---------- SOURCE RECORDS

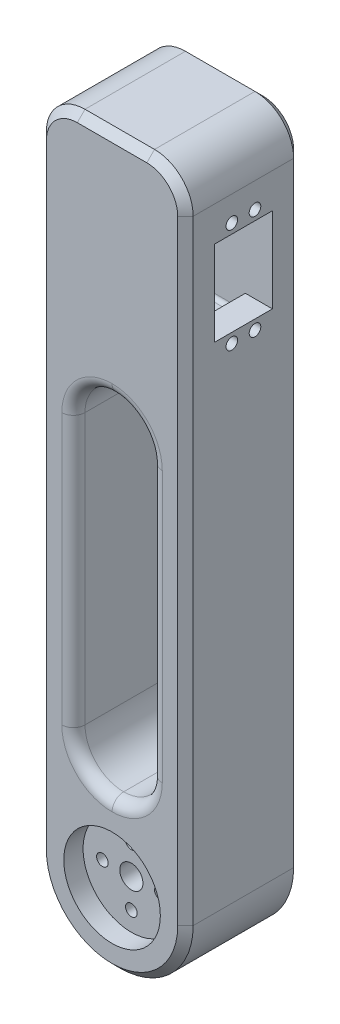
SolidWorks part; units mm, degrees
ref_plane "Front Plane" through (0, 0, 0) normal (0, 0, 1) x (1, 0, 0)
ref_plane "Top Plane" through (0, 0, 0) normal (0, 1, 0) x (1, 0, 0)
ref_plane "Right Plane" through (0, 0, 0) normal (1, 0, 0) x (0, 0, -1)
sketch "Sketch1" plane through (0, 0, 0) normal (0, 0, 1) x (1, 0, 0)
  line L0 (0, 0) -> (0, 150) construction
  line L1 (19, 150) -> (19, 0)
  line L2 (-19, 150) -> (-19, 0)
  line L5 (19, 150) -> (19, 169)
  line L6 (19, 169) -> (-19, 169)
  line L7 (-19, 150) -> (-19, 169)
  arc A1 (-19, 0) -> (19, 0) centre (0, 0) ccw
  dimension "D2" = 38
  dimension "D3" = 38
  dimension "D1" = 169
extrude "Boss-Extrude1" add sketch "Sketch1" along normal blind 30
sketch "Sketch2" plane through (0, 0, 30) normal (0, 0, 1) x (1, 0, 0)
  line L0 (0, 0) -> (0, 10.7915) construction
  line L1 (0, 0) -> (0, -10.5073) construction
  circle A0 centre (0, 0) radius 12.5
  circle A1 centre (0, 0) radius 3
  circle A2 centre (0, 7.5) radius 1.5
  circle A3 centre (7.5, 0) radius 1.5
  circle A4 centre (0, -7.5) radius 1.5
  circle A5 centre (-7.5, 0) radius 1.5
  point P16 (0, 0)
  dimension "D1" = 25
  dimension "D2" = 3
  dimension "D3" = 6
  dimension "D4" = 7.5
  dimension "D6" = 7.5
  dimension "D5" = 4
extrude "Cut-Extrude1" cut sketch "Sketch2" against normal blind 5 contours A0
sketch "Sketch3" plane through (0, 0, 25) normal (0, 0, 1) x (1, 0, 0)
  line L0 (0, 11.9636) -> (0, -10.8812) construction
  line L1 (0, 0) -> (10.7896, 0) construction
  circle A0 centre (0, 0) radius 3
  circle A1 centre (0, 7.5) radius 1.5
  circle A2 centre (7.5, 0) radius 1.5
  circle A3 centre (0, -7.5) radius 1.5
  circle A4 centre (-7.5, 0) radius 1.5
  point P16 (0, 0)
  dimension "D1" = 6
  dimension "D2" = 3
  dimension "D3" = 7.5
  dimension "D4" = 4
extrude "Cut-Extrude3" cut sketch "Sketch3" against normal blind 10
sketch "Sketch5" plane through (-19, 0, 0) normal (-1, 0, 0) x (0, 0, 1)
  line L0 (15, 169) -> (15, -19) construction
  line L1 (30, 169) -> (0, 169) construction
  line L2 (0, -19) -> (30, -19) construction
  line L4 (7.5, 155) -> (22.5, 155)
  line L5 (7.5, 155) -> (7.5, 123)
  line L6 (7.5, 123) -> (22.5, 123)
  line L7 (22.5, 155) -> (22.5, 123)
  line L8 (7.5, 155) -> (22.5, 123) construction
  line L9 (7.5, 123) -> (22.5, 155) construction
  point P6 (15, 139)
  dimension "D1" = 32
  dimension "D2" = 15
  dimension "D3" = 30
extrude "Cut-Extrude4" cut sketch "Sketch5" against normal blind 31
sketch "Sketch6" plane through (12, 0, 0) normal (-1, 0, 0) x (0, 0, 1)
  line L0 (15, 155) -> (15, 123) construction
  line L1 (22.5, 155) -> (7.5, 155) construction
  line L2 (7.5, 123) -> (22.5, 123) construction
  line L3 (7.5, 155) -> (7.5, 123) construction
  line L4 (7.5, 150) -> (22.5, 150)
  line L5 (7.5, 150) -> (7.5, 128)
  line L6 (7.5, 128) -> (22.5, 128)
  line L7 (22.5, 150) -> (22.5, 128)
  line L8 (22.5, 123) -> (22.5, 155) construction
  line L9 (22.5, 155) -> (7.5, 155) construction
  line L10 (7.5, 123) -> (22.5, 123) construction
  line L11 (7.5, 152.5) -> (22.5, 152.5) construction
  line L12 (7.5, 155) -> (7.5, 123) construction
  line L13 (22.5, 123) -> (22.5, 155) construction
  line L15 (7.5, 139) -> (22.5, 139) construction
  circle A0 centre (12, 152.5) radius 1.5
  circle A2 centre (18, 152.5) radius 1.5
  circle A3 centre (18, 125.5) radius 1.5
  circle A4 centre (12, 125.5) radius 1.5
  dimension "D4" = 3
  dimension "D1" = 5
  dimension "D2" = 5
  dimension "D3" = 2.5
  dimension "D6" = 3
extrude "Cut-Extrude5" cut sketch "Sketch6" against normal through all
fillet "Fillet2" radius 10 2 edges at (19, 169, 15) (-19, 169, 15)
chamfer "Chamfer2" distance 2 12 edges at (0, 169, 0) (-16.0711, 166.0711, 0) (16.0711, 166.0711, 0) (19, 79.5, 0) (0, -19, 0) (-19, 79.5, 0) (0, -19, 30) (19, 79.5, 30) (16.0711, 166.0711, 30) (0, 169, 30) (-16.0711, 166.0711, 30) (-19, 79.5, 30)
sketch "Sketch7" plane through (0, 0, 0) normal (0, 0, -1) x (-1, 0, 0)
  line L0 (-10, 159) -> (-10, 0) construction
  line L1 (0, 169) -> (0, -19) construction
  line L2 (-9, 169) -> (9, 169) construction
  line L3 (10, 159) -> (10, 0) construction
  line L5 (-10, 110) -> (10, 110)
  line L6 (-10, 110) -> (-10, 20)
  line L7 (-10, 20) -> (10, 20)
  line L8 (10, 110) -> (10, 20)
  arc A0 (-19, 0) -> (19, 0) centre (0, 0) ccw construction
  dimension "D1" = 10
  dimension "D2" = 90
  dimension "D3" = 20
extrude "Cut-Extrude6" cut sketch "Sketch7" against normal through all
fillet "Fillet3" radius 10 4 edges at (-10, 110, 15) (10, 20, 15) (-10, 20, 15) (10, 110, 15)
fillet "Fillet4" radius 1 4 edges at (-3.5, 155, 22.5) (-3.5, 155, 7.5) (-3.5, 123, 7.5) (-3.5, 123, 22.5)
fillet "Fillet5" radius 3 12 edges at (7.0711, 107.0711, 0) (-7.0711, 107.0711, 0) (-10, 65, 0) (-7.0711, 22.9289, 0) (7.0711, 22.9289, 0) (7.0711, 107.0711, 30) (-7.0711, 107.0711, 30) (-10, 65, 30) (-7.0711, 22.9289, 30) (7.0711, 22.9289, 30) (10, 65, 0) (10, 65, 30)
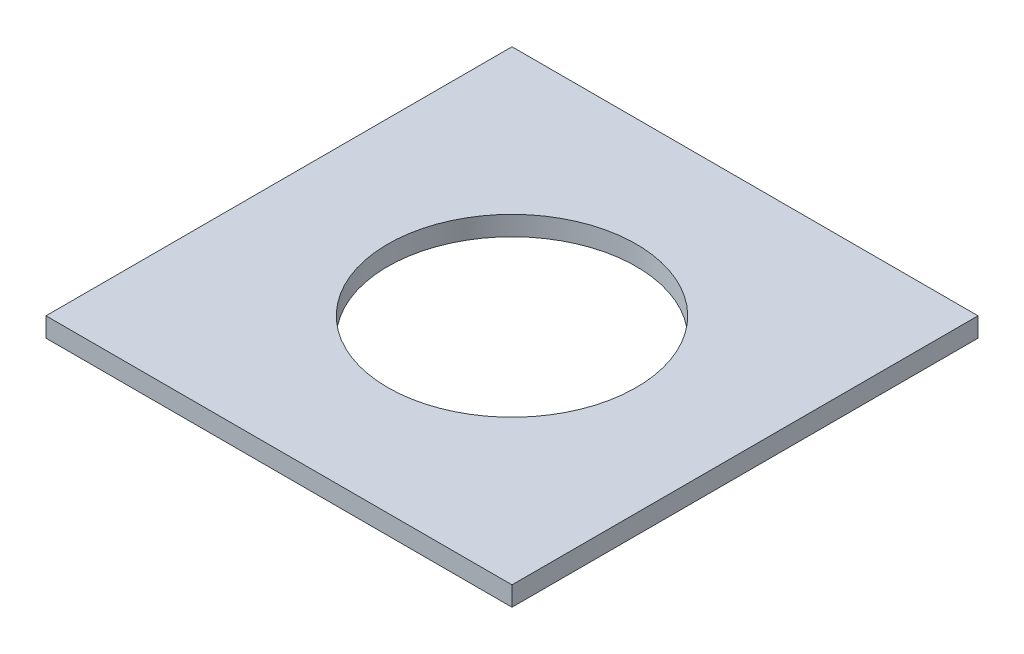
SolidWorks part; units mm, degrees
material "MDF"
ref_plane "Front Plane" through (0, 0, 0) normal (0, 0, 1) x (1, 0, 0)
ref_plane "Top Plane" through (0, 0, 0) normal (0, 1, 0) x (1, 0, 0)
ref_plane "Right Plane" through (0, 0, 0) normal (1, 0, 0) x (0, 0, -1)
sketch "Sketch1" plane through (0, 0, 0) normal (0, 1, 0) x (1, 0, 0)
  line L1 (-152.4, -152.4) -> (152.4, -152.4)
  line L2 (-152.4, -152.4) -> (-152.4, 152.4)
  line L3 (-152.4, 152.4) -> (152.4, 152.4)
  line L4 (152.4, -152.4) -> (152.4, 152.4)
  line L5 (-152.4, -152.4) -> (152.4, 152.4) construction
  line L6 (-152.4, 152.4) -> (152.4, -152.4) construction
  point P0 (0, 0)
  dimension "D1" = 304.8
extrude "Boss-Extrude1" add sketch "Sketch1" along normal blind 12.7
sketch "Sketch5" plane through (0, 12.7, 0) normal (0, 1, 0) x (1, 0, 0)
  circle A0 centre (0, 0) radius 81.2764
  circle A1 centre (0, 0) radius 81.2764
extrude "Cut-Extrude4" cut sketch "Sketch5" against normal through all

--------------------

— WHAT YOU NEED TO DO —
Copy out every line of the data in which the word "Boss" is found.

— WRITTEN ANSWER —
extrude "Boss-Extrude1" add sketch "Sketch1" along normal blind 30
extrude "Boss-Extrude1" add sketch "Sketch1" along normal blind 12.7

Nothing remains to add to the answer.